[Stored data]
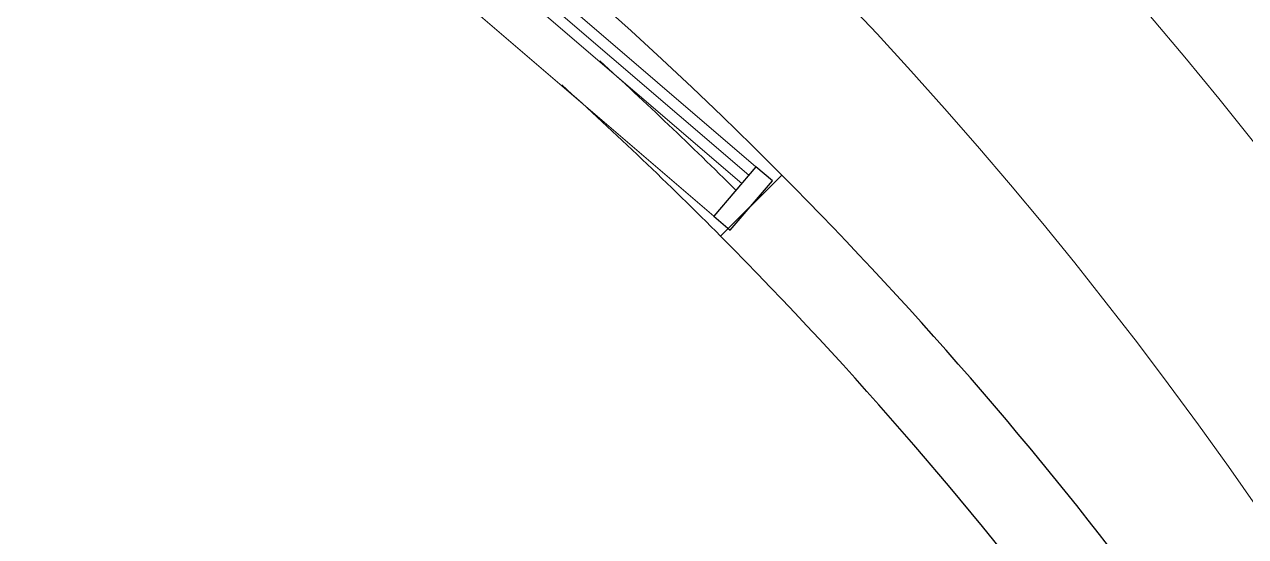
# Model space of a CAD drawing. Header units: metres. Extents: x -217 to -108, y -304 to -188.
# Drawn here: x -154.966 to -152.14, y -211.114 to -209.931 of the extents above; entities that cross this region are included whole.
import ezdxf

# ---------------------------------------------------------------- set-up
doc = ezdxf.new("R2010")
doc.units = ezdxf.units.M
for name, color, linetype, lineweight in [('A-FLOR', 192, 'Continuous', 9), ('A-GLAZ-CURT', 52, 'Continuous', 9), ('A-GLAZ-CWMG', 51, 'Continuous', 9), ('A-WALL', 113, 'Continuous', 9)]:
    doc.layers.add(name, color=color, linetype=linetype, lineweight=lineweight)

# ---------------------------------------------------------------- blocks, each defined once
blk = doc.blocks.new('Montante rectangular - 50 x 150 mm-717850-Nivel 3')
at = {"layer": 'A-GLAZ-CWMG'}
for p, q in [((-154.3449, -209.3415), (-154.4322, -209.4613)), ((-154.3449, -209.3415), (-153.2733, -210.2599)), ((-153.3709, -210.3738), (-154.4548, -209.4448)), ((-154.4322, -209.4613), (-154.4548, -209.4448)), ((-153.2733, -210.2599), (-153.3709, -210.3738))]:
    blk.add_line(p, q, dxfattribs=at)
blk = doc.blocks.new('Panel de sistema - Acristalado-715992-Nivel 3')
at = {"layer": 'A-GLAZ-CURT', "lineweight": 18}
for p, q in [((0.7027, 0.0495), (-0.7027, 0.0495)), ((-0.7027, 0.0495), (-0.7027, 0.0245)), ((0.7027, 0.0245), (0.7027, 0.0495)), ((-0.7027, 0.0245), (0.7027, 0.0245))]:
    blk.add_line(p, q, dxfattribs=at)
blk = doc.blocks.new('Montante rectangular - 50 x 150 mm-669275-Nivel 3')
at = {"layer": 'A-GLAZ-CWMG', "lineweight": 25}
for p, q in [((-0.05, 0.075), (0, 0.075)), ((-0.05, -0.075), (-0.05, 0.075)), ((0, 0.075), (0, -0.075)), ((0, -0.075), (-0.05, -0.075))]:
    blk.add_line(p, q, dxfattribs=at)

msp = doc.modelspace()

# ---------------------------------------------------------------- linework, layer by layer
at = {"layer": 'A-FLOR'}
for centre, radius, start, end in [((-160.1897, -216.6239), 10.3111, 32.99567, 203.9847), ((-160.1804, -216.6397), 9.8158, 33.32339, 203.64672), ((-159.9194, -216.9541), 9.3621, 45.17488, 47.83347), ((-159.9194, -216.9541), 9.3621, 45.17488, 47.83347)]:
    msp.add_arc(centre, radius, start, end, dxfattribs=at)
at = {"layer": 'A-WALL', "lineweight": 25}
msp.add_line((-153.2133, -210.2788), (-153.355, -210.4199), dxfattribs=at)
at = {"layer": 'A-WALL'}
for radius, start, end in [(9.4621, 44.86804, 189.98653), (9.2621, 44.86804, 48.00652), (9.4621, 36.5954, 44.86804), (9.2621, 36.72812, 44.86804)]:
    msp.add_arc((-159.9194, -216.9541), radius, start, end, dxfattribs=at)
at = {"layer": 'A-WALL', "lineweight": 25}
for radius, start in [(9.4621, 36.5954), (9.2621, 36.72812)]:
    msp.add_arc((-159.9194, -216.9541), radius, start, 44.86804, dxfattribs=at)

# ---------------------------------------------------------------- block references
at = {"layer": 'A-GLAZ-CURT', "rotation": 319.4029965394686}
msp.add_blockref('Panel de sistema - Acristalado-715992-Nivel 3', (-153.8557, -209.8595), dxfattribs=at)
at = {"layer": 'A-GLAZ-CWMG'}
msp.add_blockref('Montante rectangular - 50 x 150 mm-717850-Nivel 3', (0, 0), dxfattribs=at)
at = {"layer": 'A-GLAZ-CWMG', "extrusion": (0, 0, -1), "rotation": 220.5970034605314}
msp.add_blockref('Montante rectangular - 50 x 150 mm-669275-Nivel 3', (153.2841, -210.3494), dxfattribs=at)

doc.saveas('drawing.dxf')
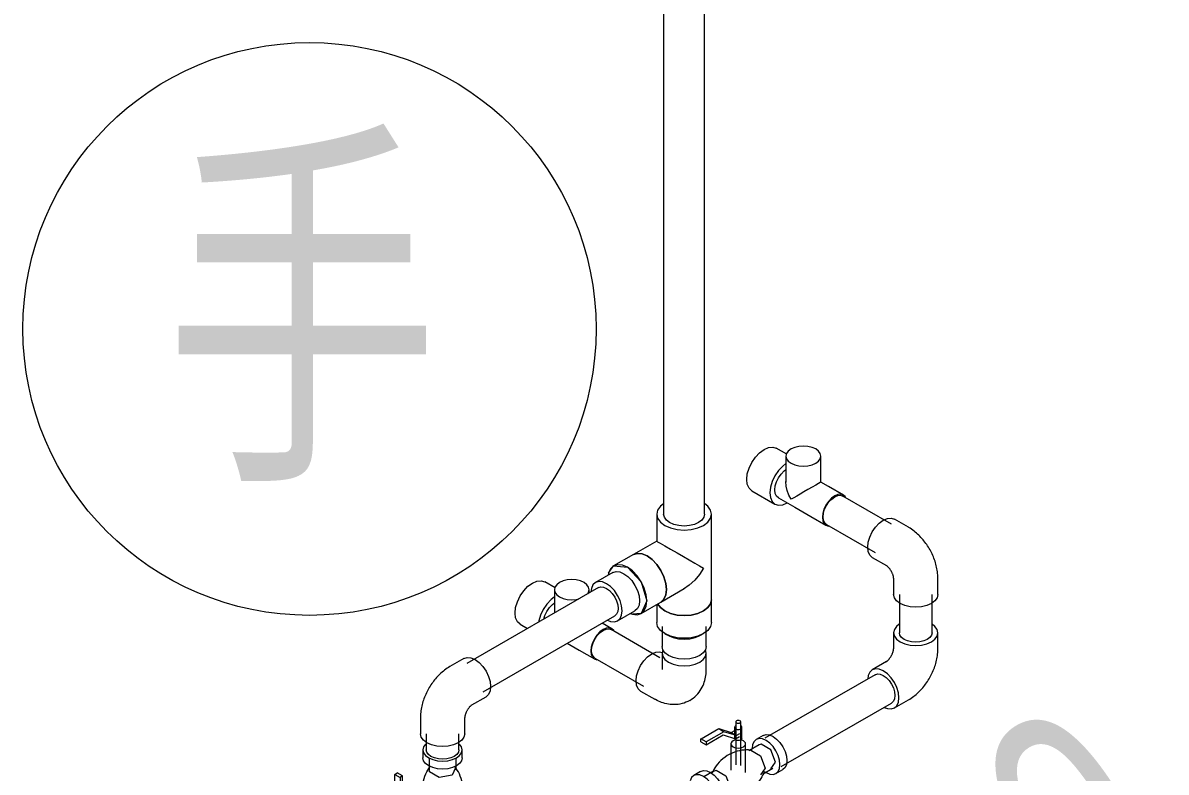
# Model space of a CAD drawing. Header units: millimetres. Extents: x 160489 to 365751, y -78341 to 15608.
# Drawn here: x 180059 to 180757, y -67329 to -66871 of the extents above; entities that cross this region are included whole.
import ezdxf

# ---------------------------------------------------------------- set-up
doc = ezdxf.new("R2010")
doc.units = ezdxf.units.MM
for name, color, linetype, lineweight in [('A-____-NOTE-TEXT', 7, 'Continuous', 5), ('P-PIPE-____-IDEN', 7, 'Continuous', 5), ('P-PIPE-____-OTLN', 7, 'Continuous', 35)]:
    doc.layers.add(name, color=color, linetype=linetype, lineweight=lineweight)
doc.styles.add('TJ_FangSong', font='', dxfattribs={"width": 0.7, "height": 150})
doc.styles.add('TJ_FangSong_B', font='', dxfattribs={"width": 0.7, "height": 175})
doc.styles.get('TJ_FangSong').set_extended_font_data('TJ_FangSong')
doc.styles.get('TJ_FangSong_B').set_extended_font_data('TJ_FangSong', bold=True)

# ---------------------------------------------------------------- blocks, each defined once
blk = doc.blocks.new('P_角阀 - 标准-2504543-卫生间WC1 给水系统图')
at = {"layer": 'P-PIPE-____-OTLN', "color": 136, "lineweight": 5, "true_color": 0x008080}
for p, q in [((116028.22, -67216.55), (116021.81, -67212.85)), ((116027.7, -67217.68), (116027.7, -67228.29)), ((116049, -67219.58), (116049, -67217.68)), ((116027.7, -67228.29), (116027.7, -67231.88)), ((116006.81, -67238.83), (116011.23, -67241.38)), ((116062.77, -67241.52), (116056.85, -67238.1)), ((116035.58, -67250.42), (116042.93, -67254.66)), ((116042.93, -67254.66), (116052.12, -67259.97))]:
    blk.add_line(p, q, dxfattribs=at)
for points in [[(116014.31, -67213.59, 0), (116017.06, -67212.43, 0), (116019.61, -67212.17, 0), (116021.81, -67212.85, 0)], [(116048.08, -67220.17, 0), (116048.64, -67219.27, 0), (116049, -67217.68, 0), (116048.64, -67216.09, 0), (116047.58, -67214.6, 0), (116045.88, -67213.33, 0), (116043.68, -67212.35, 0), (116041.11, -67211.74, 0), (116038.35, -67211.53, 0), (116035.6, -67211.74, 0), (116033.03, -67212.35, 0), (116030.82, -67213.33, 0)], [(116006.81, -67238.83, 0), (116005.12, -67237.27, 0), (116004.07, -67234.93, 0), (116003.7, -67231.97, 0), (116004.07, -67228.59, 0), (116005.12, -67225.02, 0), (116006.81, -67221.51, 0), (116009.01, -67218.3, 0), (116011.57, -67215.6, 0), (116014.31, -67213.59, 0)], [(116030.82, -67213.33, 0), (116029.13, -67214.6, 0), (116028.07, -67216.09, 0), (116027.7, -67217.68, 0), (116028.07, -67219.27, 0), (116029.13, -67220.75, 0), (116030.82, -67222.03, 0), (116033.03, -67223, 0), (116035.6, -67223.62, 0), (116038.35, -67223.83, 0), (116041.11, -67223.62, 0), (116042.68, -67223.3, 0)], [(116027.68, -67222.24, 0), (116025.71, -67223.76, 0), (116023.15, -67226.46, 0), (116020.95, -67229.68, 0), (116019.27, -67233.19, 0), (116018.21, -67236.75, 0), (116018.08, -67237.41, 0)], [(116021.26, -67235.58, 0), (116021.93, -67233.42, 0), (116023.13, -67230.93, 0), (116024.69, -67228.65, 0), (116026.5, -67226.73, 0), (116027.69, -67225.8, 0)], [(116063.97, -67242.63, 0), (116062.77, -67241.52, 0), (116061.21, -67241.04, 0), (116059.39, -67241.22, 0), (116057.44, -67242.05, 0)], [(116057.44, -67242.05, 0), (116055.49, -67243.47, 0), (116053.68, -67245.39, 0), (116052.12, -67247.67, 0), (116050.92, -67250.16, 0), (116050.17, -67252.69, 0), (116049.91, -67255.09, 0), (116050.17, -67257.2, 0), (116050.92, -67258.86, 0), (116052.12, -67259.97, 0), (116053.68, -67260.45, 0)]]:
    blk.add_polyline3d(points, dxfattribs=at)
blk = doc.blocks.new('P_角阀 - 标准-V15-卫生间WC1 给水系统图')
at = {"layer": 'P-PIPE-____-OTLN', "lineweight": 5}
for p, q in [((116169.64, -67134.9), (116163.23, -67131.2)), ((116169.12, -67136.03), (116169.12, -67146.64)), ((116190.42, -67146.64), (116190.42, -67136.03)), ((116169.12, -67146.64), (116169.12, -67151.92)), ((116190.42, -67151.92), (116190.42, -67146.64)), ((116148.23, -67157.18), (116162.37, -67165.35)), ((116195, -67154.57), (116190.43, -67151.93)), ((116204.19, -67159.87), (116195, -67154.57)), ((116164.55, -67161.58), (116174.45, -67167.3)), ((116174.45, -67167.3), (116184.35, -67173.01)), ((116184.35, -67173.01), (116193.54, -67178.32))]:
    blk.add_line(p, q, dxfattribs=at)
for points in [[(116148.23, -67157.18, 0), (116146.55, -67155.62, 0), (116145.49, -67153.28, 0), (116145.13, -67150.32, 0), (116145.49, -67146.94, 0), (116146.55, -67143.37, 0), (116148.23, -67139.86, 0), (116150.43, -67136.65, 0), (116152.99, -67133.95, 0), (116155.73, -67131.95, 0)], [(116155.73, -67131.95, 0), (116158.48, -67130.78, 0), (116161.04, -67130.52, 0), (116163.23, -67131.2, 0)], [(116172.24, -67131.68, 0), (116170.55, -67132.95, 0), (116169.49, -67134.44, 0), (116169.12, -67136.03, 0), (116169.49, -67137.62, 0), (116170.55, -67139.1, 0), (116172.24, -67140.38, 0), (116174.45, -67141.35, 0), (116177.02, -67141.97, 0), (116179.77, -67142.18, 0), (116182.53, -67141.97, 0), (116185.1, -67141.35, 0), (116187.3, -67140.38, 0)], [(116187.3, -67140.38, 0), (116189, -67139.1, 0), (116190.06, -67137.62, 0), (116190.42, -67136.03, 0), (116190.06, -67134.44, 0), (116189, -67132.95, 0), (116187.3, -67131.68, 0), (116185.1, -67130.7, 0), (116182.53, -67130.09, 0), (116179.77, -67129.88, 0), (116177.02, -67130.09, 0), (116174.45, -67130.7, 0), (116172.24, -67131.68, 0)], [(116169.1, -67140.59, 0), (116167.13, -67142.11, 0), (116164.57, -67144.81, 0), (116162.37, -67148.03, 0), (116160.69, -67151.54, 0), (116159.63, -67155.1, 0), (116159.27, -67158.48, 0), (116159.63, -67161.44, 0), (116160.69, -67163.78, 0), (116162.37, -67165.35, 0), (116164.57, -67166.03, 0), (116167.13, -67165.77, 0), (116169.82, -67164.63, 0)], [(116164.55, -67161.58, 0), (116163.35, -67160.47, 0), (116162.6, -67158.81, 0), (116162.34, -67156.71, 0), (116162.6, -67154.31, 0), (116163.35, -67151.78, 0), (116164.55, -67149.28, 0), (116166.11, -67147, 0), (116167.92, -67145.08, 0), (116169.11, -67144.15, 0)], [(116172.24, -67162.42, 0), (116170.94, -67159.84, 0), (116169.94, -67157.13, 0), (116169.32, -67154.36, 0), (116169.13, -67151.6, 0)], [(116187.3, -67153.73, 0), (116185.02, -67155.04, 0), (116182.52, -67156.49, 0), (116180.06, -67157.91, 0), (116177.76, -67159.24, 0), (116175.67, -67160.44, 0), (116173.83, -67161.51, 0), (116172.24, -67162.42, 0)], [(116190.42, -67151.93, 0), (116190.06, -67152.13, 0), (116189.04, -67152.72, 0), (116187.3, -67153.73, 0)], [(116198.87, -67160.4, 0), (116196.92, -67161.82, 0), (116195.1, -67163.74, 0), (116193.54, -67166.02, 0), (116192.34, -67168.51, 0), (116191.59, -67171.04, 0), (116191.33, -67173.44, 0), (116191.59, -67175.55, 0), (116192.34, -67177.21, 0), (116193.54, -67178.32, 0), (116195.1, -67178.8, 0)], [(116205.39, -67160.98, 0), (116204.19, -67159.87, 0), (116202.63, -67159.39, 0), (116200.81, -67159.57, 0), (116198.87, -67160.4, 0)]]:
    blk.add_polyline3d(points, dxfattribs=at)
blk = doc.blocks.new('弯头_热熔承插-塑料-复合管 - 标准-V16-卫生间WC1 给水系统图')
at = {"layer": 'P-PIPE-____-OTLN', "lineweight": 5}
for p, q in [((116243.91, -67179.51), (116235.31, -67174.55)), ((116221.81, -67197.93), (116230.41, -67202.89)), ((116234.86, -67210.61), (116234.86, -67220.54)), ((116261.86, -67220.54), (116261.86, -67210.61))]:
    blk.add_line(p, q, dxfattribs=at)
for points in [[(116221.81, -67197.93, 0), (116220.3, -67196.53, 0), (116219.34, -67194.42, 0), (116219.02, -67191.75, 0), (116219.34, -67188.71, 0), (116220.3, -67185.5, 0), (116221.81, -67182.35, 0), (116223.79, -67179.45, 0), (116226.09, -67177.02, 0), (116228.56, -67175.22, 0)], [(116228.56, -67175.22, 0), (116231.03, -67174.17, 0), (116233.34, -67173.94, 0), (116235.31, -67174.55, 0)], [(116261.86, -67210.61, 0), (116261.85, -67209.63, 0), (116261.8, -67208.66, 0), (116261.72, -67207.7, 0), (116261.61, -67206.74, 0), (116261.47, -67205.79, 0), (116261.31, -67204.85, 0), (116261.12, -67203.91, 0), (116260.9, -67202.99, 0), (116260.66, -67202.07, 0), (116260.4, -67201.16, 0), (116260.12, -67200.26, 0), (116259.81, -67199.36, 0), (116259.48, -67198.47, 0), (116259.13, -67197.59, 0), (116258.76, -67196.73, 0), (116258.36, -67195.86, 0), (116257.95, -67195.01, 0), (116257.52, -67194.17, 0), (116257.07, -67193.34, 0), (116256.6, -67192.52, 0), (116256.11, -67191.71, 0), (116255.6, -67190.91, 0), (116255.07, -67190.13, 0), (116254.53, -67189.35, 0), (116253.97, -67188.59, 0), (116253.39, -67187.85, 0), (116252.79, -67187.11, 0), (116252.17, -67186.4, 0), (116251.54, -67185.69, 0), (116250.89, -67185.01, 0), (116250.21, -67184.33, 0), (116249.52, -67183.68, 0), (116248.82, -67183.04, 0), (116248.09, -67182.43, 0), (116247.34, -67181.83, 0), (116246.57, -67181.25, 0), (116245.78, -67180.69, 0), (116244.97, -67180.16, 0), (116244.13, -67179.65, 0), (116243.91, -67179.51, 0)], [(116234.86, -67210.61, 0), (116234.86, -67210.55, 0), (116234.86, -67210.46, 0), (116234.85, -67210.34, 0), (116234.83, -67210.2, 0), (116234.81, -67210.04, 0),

• _Description of the task_: Above are the records; restate exactly the lines from the one containing "-216.9541), radius, start, end, dxfattribs=at)" through the one containing "doc.units = ezdxf.units.MM", keeping pictures out.

• _Finished exercise_:
    msp.add_arc((-159.9194, -216.9541), radius, start, end, dxfattribs=at)
at = {"layer": 'A-WALL', "lineweight": 25}
for radius, start in [(9.4621, 36.5954), (9.2621, 36.72812)]:
    msp.add_arc((-159.9194, -216.9541), radius, start, 44.86804, dxfattribs=at)

# ---------------------------------------------------------------- block references
at = {"layer": 'A-GLAZ-CURT', "rotation": 319.4029965394686}
msp.add_blockref('Panel de sistema - Acristalado-715992-Nivel 3', (-153.8557, -209.8595), dxfattribs=at)
at = {"layer": 'A-GLAZ-CWMG'}
msp.add_blockref('Montante rectangular - 50 x 150 mm-717850-Nivel 3', (0, 0), dxfattribs=at)
at = {"layer": 'A-GLAZ-CWMG', "extrusion": (0, 0, -1), "rotation": 220.5970034605314}
msp.add_blockref('Montante rectangular - 50 x 150 mm-669275-Nivel 3', (153.2841, -210.3494), dxfattribs=at)

doc.saveas('drawing.dxf')
# Model space of a CAD drawing. Header units: millimetres. Extents: x 160489 to 365751, y -78341 to 15608.
# Drawn here: x 180059 to 180757, y -67329 to -66871 of the extents above; entities that cross this region are included whole.
import ezdxf

# ---------------------------------------------------------------- set-up
doc = ezdxf.new("R2010")
doc.units = ezdxf.units.MM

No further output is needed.